### ABOUT THIS TASK:
Please write out exactly the lines from the opening of the listing through the line that holds "#6=PRODUCT_DEFINITION_FORMATION('','',#4);", including both, and nothing else; no pictures.

(INPUT Opens)

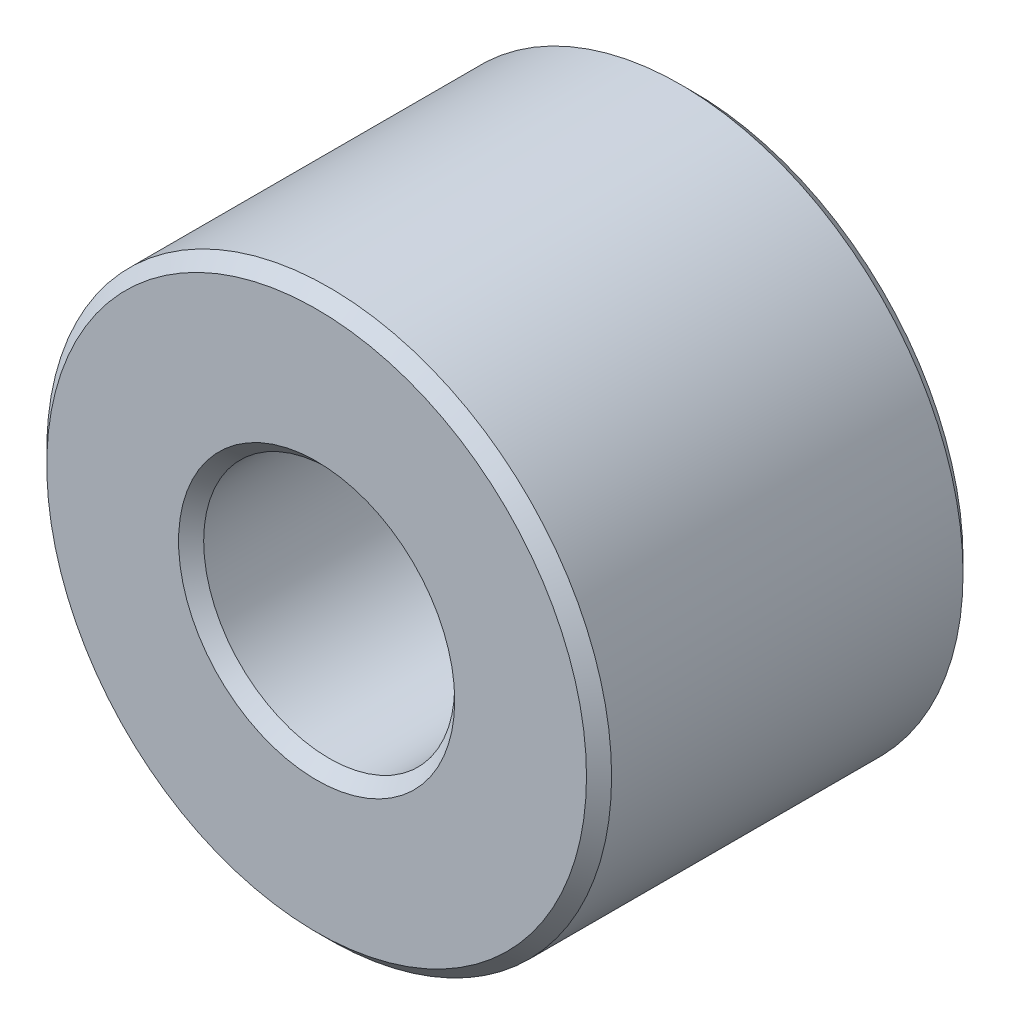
ISO-10303-21;
HEADER;
FILE_DESCRIPTION(('STEP AP214'),'2;1');
FILE_NAME('part.step','',(''),(''),'','','');
FILE_SCHEMA(('AUTOMOTIVE_DESIGN { 1 0 10303 214 1 1 1 1 }'));
ENDSEC;
DATA;
#1=APPLICATION_CONTEXT('core data for automotive mechanical design processes');
#2=APPLICATION_PROTOCOL_DEFINITION('international standard','automotive_design',2000,#1);
#3=PRODUCT_CONTEXT('',#1,'mechanical');
#4=PRODUCT('Part','Part','',(#3));
#5=PRODUCT_RELATED_PRODUCT_CATEGORY('part','',(#4));
#6=PRODUCT_DEFINITION_FORMATION('','',#4);
#7=PRODUCT_DEFINITION_CONTEXT('part definition',#1,'design');
#8=PRODUCT_DEFINITION('design','',#6,#7);
#9=PRODUCT_DEFINITION_SHAPE('','',#8);
#10=(LENGTH_UNIT() NAMED_UNIT(*) SI_UNIT(.MILLI.,.METRE.));
#11=(NAMED_UNIT(*) PLANE_ANGLE_UNIT() SI_UNIT($,.RADIAN.));
#12=(NAMED_UNIT(*) SI_UNIT($,.STERADIAN.) SOLID_ANGLE_UNIT());
#13=UNCERTAINTY_MEASURE_WITH_UNIT(LENGTH_MEASURE(1.E-05),#10,'distance_accuracy_value','');
#14=(GEOMETRIC_REPRESENTATION_CONTEXT(3) GLOBAL_UNCERTAINTY_ASSIGNED_CONTEXT((#13)) GLOBAL_UNIT_ASSIGNED_CONTEXT((#10,
#11,#12)) REPRESENTATION_CONTEXT('',''));
#15=CARTESIAN_POINT('',(0.,0.,0.));
#16=DIRECTION('',(0.,0.,1.));
#17=DIRECTION('',(1.,0.,0.));
#18=AXIS2_PLACEMENT_3D('',#15,#16,#17);
#19=CARTESIAN_POINT('',(0.,0.,15.));
#20=DIRECTION('',(0.,0.,1.));
#21=DIRECTION('',(1.,0.,0.));
#22=AXIS2_PLACEMENT_3D('',#19,#20,#21);
#23=PLANE('',#22);
#24=CARTESIAN_POINT('',(0.,0.,15.));
#25=DIRECTION('',(0.,0.,1.));
#26=DIRECTION('',(1.,0.,0.));
#27=AXIS2_PLACEMENT_3D('',#24,#25,#26);
#28=CIRCLE('',#27,11.);
#29=CARTESIAN_POINT('',(11.,0.,15.));
#30=VERTEX_POINT('',#29);
#31=EDGE_CURVE('E10',#30,#30,#28,.F.);
#32=ORIENTED_EDGE('',*,*,#31,.T.);
#33=EDGE_LOOP('',(#32));
#34=FACE_BOUND('',#33,.T.);
#35=CARTESIAN_POINT('',(0.,0.,15.));
#36=DIRECTION('',(0.,0.,1.));
#37=DIRECTION('',(1.,0.,0.));
#38=AXIS2_PLACEMENT_3D('',#35,#36,#37);
#39=CIRCLE('',#38,21.5);
#40=CARTESIAN_POINT('',(21.5,0.,15.));
#41=VERTEX_POINT('',#40);
#42=EDGE_CURVE('E45',#41,#41,#39,.T.);
#43=ORIENTED_EDGE('',*,*,#42,.T.);
#44=EDGE_LOOP('',(#43));
#45=FACE_BOUND('',#44,.T.);
#46=ADVANCED_FACE('F37',(#34,#45),#23,.T.);
#47=CARTESIAN_POINT('',(0.,0.,-15.));
#48=DIRECTION('',(0.,0.,1.));
#49=DIRECTION('',(1.,0.,0.));
#50=AXIS2_PLACEMENT_3D('',#47,#48,#49);
#51=PLANE('',#50);
#52=CARTESIAN_POINT('',(0.,0.,-15.));
#53=DIRECTION('',(0.,0.,1.));
#54=DIRECTION('',(1.,0.,0.));
#55=AXIS2_PLACEMENT_3D('',#52,#53,#54);
#56=CIRCLE('',#55,11.);
#57=CARTESIAN_POINT('',(11.,0.,-15.));
#58=VERTEX_POINT('',#57);
#59=EDGE_CURVE('E71',#58,#58,#56,.T.);
#60=ORIENTED_EDGE('',*,*,#59,.T.);
#61=EDGE_LOOP('',(#60));
#62=FACE_BOUND('',#61,.T.);
#63=CARTESIAN_POINT('',(0.,0.,-15.));
#64=DIRECTION('',(0.,0.,1.));
#65=DIRECTION('',(1.,0.,0.));
#66=AXIS2_PLACEMENT_3D('',#63,#64,#65);
#67=CIRCLE('',#66,21.5);
#68=CARTESIAN_POINT('',(21.5,0.,-15.));
#69=VERTEX_POINT('',#68);
#70=EDGE_CURVE('E74',#69,#69,#67,.F.);
#71=ORIENTED_EDGE('',*,*,#70,.T.);
#72=EDGE_LOOP('',(#71));
#73=FACE_BOUND('',#72,.T.);
#74=ADVANCED_FACE('F78',(#62,#73),#51,.F.);
#75=CARTESIAN_POINT('',(0.,0.,15.));
#76=DIRECTION('',(0.,0.,-1.));
#77=DIRECTION('',(-1.,0.,0.));
#78=AXIS2_PLACEMENT_3D('',#75,#76,#77);
#79=CYLINDRICAL_SURFACE('',#78,22.5);
#80=CARTESIAN_POINT('',(0.,0.,-14.));
#81=DIRECTION('',(0.,0.,1.));
#82=DIRECTION('',(1.,0.,0.));
#83=AXIS2_PLACEMENT_3D('',#80,#81,#82);
#84=CIRCLE('',#83,22.5);
#85=CARTESIAN_POINT('',(22.5,0.,-14.));
#86=VERTEX_POINT('',#85);
#87=EDGE_CURVE('E52',#86,#86,#84,.T.);
#88=ORIENTED_EDGE('',*,*,#87,.T.);
#89=EDGE_LOOP('',(#88));
#90=FACE_BOUND('',#89,.T.);
#91=CARTESIAN_POINT('',(0.,0.,14.));
#92=DIRECTION('',(0.,0.,1.));
#93=DIRECTION('',(1.,0.,0.));
#94=AXIS2_PLACEMENT_3D('',#91,#92,#93);
#95=CIRCLE('',#94,22.5);
#96=CARTESIAN_POINT('',(22.5,0.,14.));
#97=VERTEX_POINT('',#96);
#98=EDGE_CURVE('E57',#97,#97,#95,.F.);
#99=ORIENTED_EDGE('',*,*,#98,.T.);
#100=EDGE_LOOP('',(#99));
#101=FACE_BOUND('',#100,.T.);
#102=ADVANCED_FACE('F88',(#90,#101),#79,.T.);
#103=CARTESIAN_POINT('',(0.,0.,15.));
#104=DIRECTION('',(0.,0.,-1.));
#105=DIRECTION('',(-1.,0.,0.));
#106=AXIS2_PLACEMENT_3D('',#103,#104,#105);
#107=CYLINDRICAL_SURFACE('',#106,10.);
#108=CARTESIAN_POINT('',(0.,0.,-14.));
#109=DIRECTION('',(0.,0.,1.));
#110=DIRECTION('',(1.,0.,0.));
#111=AXIS2_PLACEMENT_3D('',#108,#109,#110);
#112=CIRCLE('',#111,10.);
#113=CARTESIAN_POINT('',(10.,0.,-14.));
#114=VERTEX_POINT('',#113);
#115=EDGE_CURVE('E63',#114,#114,#112,.F.);
#116=ORIENTED_EDGE('',*,*,#115,.T.);
#117=EDGE_LOOP('',(#116));
#118=FACE_BOUND('',#117,.T.);
#119=CARTESIAN_POINT('',(0.,0.,14.));
#120=DIRECTION('',(0.,0.,1.));
#121=DIRECTION('',(1.,0.,0.));
#122=AXIS2_PLACEMENT_3D('',#119,#120,#121);
#123=CIRCLE('',#122,10.);
#124=CARTESIAN_POINT('',(10.,0.,14.));
#125=VERTEX_POINT('',#124);
#126=EDGE_CURVE('E67',#125,#125,#123,.T.);
#127=ORIENTED_EDGE('',*,*,#126,.T.);
#128=EDGE_LOOP('',(#127));
#129=FACE_BOUND('',#128,.T.);
#130=ADVANCED_FACE('F91',(#118,#129),#107,.F.);
#131=CARTESIAN_POINT('',(0.,0.,-15.));
#132=DIRECTION('',(0.,0.,-1.));
#133=DIRECTION('',(-1.,0.,0.));
#134=AXIS2_PLACEMENT_3D('',#131,#132,#133);
#135=CONICAL_SURFACE('',#134,11.,0.785398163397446);
#136=ORIENTED_EDGE('',*,*,#115,.F.);
#137=EDGE_LOOP('',(#136));
#138=FACE_BOUND('',#137,.T.);
#139=ORIENTED_EDGE('',*,*,#59,.F.);
#140=EDGE_LOOP('',(#139));
#141=FACE_BOUND('',#140,.T.);
#142=ADVANCED_FACE('F84',(#138,#141),#135,.F.);
#143=CARTESIAN_POINT('',(0.,0.,-14.));
#144=DIRECTION('',(0.,0.,1.));
#145=DIRECTION('',(1.,0.,0.));
#146=AXIS2_PLACEMENT_3D('',#143,#144,#145);
#147=CONICAL_SURFACE('',#146,22.5,0.785398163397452);
#148=ORIENTED_EDGE('',*,*,#70,.F.);
#149=EDGE_LOOP('',(#148));
#150=FACE_BOUND('',#149,.T.);
#151=ORIENTED_EDGE('',*,*,#87,.F.);
#152=EDGE_LOOP('',(#151));
#153=FACE_BOUND('',#152,.T.);
#154=ADVANCED_FACE('F80',(#150,#153),#147,.T.);
#155=CARTESIAN_POINT('',(0.,0.,14.));
#156=DIRECTION('',(0.,0.,1.));
#157=DIRECTION('',(1.,0.,0.));
#158=AXIS2_PLACEMENT_3D('',#155,#156,#157);
#159=CONICAL_SURFACE('',#158,10.,0.785398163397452);
#160=ORIENTED_EDGE('',*,*,#31,.F.);
#161=EDGE_LOOP('',(#160));
#162=FACE_BOUND('',#161,.T.);
#163=ORIENTED_EDGE('',*,*,#126,.F.);
#164=EDGE_LOOP('',(#163));
#165=FACE_BOUND('',#164,.T.);
#166=ADVANCED_FACE('F83',(#162,#165),#159,.F.);
#167=CARTESIAN_POINT('',(0.,0.,15.));
#168=DIRECTION('',(0.,0.,-1.));
#169=DIRECTION('',(-1.,0.,0.));
#170=AXIS2_PLACEMENT_3D('',#167,#168,#169);
#171=CONICAL_SURFACE('',#170,21.5,0.785398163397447);
#172=ORIENTED_EDGE('',*,*,#98,.F.);
#173=EDGE_LOOP('',(#172));
#174=FACE_BOUND('',#173,.T.);
#175=ORIENTED_EDGE('',*,*,#42,.F.);
#176=EDGE_LOOP('',(#175));
#177=FACE_BOUND('',#176,.T.);
#178=ADVANCED_FACE('F39',(#174,#177),#171,.T.);
#179=CLOSED_SHELL('',(#46,#74,#102,#130,#142,#154,#166,#178));
#180=MANIFOLD_SOLID_BREP('B2',#179);
#181=ADVANCED_BREP_SHAPE_REPRESENTATION('',(#18,#180),#14);
#182=SHAPE_DEFINITION_REPRESENTATION(#9,#181);
ENDSEC;
END-ISO-10303-21;

(INPUT Closes)

### EXERCISE RESPONSE:
ISO-10303-21;
HEADER;
FILE_DESCRIPTION(('STEP AP214'),'2;1');
FILE_NAME('part.step','',(''),(''),'','','');
FILE_SCHEMA(('AUTOMOTIVE_DESIGN { 1 0 10303 214 1 1 1 1 }'));
ENDSEC;
DATA;
#1=APPLICATION_CONTEXT('core data for automotive mechanical design processes');
#2=APPLICATION_PROTOCOL_DEFINITION('international standard','automotive_design',2000,#1);
#3=PRODUCT_CONTEXT('',#1,'mechanical');
#4=PRODUCT('Part','Part','',(#3));
#5=PRODUCT_RELATED_PRODUCT_CATEGORY('part','',(#4));
#6=PRODUCT_DEFINITION_FORMATION('','',#4);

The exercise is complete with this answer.